ENTRIES PROVIDED:
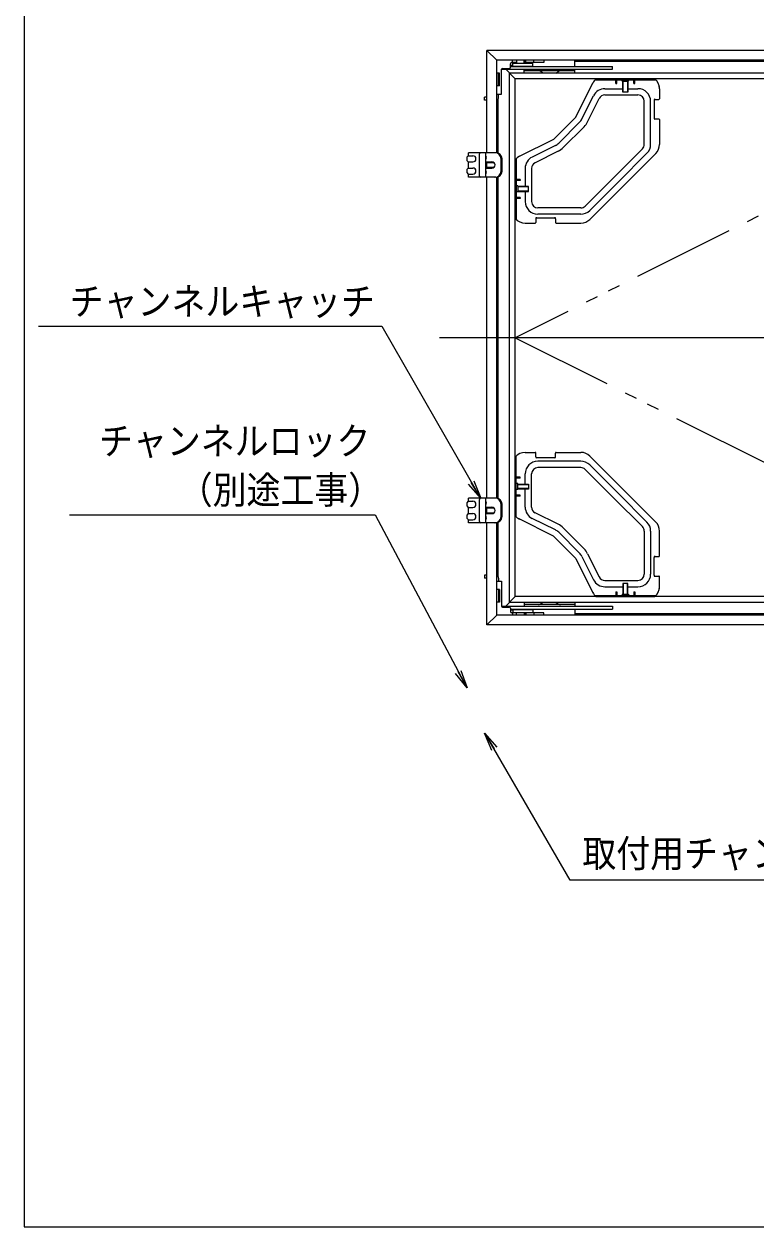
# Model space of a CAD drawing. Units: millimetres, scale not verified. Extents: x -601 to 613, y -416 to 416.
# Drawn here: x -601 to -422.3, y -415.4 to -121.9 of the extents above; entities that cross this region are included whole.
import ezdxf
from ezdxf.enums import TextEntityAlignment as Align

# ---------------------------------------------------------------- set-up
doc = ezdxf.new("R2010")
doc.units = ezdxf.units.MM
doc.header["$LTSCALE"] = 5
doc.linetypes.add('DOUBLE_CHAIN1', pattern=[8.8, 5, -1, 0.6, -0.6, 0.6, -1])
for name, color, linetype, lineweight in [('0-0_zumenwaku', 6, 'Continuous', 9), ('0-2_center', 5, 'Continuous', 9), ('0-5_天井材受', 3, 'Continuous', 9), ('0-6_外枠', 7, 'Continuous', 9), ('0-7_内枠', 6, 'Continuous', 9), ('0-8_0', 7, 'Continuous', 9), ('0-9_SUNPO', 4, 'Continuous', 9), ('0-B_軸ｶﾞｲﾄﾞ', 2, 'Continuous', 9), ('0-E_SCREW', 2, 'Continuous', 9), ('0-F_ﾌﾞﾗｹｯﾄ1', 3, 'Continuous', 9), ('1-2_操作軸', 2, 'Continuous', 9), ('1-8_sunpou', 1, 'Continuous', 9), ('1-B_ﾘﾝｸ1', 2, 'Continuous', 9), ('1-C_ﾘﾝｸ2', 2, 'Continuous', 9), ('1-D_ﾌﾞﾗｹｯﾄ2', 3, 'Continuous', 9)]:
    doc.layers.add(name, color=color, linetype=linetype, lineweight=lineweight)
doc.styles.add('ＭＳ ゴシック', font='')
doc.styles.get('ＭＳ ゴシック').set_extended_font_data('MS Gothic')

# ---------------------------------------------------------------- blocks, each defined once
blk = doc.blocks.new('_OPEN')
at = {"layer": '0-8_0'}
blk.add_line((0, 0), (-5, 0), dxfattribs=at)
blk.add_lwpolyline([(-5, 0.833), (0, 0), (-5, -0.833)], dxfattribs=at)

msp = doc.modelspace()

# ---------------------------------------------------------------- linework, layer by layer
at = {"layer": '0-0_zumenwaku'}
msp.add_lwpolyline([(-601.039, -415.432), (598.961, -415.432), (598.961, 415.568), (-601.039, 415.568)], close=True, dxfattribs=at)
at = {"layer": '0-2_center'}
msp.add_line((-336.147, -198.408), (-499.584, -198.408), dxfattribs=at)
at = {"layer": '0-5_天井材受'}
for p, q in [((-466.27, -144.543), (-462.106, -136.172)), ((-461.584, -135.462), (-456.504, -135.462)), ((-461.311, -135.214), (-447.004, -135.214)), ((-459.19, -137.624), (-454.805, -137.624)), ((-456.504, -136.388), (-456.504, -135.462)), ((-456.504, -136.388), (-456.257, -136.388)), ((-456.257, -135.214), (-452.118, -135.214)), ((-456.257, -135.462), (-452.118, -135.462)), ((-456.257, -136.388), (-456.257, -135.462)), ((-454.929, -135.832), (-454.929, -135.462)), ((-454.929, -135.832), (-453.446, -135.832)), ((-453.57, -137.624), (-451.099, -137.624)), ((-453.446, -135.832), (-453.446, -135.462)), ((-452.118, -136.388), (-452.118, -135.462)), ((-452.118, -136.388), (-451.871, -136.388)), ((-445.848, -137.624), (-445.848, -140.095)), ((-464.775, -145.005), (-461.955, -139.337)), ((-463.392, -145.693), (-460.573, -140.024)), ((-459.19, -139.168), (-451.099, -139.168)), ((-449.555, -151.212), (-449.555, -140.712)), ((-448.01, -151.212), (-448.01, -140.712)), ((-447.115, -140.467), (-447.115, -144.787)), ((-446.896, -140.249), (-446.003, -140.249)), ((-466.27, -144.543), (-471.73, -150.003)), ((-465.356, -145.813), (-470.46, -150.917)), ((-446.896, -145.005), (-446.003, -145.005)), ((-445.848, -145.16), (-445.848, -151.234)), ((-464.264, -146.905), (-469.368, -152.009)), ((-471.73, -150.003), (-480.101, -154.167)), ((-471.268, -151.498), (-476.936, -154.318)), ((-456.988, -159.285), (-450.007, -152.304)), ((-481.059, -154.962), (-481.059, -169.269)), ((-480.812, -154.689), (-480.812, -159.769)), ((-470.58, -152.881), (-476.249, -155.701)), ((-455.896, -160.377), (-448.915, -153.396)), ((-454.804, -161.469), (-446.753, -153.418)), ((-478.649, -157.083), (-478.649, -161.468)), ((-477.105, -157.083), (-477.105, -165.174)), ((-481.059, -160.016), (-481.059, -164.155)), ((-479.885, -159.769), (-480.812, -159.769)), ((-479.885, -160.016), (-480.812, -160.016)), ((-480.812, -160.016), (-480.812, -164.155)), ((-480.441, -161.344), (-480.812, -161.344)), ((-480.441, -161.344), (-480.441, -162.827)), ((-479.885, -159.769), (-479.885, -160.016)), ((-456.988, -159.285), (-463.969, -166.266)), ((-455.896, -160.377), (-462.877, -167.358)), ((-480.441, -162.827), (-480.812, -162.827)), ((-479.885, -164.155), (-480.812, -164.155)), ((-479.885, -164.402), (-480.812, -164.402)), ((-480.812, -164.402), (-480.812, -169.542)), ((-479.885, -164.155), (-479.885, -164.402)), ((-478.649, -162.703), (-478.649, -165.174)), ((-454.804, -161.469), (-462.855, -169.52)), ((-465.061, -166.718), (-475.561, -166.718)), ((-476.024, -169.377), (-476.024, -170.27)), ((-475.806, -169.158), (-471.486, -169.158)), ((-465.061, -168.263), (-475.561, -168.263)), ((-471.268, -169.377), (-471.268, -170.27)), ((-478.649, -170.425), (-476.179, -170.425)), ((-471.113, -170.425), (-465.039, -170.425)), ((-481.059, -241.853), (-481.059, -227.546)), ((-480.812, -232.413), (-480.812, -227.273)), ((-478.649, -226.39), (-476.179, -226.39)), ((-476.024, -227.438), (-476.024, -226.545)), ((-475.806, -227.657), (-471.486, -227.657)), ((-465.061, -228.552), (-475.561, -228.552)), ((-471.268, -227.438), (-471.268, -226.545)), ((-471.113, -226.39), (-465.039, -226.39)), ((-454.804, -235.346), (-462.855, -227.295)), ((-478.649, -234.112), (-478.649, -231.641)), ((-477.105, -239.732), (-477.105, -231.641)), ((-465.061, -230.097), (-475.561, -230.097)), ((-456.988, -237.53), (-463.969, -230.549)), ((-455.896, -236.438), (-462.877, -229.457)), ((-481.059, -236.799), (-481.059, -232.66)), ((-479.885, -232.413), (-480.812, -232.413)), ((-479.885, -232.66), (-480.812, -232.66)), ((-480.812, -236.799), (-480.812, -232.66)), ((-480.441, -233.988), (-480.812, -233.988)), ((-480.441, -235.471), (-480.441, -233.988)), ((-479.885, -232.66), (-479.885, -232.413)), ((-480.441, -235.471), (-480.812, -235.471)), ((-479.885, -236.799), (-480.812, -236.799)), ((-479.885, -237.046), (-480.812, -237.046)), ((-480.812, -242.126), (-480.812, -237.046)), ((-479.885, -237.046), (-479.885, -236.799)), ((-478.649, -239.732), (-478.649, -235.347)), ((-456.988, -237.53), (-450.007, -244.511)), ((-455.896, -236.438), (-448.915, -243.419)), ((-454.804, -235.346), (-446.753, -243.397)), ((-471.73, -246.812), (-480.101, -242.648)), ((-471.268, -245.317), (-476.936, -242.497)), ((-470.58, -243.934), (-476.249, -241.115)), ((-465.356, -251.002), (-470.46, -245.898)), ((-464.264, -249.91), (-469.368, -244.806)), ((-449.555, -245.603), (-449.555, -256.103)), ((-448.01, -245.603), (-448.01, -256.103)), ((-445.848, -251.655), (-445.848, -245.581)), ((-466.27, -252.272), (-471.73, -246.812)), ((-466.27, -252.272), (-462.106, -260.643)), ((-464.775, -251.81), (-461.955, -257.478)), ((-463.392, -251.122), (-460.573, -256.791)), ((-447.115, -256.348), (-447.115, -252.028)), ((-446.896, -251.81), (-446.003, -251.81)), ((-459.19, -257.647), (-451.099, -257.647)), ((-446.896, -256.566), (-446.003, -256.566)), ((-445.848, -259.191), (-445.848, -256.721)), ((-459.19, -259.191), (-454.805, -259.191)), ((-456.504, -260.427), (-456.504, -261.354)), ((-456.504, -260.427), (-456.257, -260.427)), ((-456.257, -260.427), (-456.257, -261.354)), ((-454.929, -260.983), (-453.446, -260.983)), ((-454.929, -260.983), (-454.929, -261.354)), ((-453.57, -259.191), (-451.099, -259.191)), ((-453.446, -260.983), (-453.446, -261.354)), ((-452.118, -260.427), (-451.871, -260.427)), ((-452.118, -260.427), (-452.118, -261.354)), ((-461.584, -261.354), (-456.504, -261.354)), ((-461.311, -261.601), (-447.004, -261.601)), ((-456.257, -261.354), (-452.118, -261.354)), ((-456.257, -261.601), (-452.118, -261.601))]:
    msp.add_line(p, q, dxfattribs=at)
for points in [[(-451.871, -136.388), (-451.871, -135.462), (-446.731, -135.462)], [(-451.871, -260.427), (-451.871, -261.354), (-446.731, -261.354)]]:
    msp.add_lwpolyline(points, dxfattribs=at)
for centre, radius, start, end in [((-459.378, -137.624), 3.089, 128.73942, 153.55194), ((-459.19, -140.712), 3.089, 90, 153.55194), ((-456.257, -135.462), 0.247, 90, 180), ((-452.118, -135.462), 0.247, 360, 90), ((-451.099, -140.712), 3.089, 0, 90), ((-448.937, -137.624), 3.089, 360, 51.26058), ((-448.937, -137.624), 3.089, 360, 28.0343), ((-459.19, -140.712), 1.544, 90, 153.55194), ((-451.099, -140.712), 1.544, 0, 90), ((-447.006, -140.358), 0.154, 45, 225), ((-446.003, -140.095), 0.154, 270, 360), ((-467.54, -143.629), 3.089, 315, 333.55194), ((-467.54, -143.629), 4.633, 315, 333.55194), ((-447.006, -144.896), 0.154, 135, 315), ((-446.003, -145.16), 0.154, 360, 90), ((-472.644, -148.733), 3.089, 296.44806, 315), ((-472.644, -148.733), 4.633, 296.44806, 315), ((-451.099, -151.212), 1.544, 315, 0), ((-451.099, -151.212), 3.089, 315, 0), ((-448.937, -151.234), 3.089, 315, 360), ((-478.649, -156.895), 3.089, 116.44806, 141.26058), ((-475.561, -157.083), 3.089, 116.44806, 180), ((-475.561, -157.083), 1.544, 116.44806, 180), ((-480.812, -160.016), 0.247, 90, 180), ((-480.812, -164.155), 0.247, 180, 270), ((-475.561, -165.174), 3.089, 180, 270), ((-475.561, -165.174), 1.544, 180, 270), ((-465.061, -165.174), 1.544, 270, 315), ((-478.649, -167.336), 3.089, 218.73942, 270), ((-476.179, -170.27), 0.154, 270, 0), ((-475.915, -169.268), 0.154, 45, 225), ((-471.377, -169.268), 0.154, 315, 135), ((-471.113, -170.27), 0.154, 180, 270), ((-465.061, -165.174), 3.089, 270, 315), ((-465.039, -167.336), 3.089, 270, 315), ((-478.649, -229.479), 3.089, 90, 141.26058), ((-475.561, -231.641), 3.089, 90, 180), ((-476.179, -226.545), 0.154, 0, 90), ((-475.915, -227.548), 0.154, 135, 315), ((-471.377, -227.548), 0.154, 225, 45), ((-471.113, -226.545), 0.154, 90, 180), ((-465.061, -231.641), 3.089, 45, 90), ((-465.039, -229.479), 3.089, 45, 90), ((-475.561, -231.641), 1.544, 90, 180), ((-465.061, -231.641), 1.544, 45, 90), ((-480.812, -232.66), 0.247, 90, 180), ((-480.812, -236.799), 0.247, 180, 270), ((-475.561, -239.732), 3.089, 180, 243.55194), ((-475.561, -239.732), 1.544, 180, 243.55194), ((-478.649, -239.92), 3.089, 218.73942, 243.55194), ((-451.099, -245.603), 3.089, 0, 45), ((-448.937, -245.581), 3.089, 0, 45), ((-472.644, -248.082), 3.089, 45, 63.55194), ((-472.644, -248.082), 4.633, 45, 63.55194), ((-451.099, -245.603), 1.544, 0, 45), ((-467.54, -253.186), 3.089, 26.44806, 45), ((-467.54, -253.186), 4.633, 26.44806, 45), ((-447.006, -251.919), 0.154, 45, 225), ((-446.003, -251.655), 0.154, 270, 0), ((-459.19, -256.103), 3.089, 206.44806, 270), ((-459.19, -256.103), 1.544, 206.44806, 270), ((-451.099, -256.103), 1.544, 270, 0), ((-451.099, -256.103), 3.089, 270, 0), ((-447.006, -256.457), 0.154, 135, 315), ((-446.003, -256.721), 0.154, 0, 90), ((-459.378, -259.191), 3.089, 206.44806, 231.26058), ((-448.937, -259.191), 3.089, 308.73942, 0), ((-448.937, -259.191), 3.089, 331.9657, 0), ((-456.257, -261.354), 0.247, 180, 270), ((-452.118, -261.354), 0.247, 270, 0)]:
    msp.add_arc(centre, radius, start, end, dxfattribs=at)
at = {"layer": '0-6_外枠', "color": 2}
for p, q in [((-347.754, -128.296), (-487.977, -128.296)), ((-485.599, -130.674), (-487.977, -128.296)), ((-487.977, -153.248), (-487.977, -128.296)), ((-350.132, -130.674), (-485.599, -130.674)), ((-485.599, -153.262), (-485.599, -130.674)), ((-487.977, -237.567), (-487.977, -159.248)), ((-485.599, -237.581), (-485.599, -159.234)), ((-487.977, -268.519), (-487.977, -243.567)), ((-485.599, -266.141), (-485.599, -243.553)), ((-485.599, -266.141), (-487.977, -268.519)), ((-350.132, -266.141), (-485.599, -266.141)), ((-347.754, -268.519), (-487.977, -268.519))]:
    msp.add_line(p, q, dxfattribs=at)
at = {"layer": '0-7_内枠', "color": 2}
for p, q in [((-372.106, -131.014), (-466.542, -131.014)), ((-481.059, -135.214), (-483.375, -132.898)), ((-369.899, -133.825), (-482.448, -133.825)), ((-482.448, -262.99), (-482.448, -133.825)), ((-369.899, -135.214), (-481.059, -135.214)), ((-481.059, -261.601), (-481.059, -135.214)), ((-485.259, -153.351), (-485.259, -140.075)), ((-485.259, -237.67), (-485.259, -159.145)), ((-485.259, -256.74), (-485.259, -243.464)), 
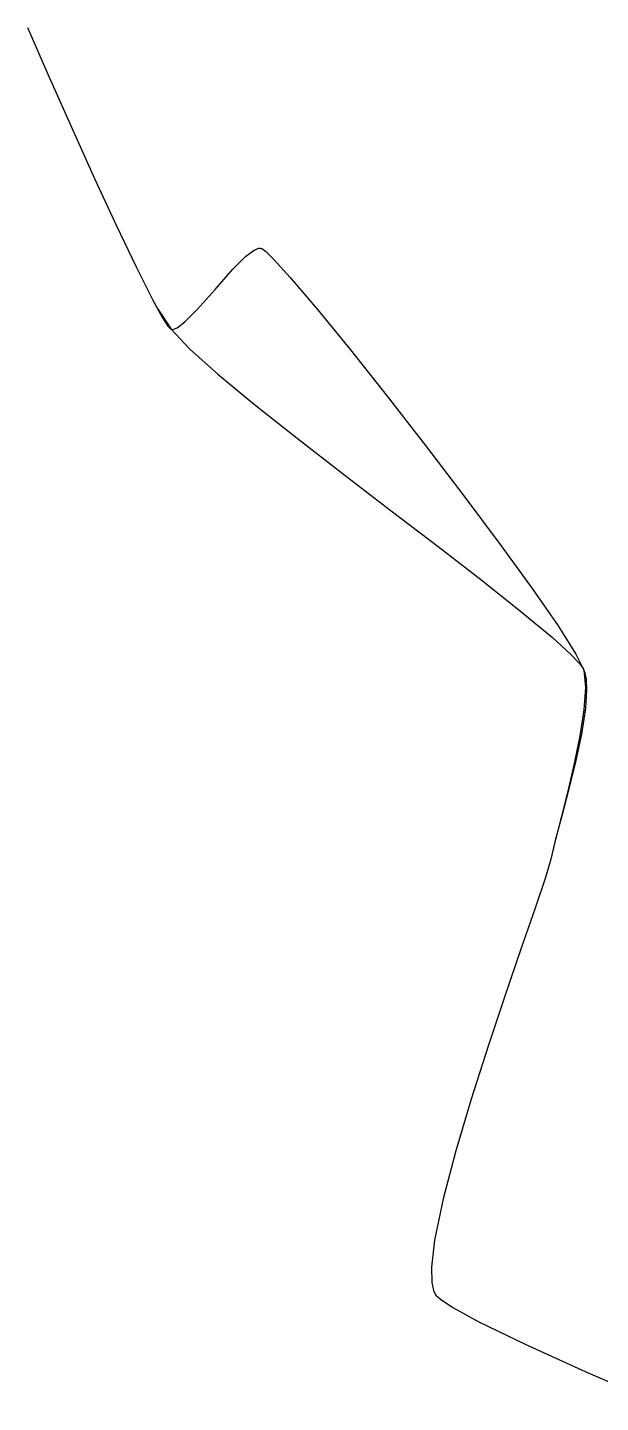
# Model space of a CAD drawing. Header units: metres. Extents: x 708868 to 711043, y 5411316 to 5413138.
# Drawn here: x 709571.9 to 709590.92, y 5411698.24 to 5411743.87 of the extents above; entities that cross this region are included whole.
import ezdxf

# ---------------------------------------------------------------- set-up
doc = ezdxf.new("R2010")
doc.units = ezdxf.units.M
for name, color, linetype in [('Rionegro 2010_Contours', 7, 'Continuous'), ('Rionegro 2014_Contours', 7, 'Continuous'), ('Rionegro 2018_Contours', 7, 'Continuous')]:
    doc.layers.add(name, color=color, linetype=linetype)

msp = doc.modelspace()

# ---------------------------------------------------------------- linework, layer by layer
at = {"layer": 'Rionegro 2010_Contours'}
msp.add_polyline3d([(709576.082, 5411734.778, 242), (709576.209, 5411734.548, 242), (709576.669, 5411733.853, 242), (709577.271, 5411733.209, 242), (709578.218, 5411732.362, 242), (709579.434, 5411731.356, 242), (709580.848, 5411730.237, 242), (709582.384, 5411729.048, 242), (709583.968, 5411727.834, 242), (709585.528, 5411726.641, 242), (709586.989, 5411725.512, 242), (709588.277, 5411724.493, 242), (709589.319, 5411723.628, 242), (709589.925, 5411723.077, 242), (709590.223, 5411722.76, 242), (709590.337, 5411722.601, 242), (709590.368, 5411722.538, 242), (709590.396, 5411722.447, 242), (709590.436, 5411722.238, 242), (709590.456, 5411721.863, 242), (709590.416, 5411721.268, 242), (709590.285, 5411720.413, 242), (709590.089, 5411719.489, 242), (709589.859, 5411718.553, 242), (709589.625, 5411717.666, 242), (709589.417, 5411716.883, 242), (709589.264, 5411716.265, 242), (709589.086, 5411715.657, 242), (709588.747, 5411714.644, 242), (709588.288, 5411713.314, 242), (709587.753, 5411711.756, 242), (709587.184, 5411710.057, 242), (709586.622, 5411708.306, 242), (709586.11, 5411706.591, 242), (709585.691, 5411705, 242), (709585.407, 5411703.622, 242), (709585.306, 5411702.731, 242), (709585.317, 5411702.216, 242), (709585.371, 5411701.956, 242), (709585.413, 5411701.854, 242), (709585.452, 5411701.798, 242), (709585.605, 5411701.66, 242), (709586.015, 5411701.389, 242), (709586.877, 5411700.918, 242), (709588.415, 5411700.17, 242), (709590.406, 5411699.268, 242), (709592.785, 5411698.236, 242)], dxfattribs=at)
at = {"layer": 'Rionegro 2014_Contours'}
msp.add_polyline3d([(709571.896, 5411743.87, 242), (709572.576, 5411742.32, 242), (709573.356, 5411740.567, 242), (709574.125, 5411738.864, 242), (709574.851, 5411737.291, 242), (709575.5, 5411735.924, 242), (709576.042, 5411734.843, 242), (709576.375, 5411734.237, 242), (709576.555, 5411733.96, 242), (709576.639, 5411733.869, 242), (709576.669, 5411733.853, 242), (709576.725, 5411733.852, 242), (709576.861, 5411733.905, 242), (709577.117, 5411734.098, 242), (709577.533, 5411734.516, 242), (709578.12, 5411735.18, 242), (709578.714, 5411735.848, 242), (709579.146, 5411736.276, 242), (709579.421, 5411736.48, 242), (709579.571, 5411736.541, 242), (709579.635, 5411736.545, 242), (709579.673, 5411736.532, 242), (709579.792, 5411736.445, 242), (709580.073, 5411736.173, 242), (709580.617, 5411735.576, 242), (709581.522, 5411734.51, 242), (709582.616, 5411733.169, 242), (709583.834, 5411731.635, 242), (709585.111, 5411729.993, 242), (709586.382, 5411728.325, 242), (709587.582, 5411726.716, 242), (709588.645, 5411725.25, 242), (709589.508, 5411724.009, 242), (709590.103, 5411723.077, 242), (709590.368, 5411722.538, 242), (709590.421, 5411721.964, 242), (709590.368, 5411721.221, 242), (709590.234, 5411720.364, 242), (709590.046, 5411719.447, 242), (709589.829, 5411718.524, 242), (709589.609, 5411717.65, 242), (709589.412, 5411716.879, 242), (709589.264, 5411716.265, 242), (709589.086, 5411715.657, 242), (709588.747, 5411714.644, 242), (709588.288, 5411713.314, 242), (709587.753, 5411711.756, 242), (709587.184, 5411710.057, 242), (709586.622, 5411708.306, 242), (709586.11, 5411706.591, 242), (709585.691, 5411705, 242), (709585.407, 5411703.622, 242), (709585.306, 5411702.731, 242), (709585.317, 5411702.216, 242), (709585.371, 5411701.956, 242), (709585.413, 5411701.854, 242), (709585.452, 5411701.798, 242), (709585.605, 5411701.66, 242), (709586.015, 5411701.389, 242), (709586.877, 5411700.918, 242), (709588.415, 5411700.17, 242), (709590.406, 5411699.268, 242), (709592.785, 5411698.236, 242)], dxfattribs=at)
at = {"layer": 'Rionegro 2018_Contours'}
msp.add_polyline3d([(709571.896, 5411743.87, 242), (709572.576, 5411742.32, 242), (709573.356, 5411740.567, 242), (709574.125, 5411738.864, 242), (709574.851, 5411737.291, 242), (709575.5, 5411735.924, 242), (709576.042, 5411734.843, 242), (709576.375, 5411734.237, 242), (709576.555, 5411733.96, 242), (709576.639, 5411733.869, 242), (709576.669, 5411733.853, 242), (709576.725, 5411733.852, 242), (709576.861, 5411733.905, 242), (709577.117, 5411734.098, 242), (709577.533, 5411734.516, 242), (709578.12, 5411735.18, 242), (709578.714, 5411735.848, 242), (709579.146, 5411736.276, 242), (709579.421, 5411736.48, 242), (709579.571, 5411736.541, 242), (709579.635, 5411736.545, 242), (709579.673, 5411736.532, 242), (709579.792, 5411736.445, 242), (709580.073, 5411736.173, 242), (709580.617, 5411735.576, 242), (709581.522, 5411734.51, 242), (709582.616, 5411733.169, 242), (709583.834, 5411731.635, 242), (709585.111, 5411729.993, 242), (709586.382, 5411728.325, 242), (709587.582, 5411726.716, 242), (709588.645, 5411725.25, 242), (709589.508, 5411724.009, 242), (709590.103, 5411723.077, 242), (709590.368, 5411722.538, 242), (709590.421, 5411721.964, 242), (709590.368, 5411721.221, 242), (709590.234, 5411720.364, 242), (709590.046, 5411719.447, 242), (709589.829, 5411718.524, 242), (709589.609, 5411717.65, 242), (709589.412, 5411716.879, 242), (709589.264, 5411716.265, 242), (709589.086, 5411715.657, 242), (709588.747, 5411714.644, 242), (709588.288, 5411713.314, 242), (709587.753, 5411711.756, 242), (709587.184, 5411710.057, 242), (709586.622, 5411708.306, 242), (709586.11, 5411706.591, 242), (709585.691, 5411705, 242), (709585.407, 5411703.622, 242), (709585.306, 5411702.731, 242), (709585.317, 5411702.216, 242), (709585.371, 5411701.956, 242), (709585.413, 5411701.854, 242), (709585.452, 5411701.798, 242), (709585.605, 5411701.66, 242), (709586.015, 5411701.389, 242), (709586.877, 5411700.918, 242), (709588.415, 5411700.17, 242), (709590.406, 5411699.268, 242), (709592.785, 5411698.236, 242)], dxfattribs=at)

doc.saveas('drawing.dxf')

YOUR GOAL:
Only the number is wanted: how many lines of the material contain the word "above"?

EXERCISE RESPONSE:
2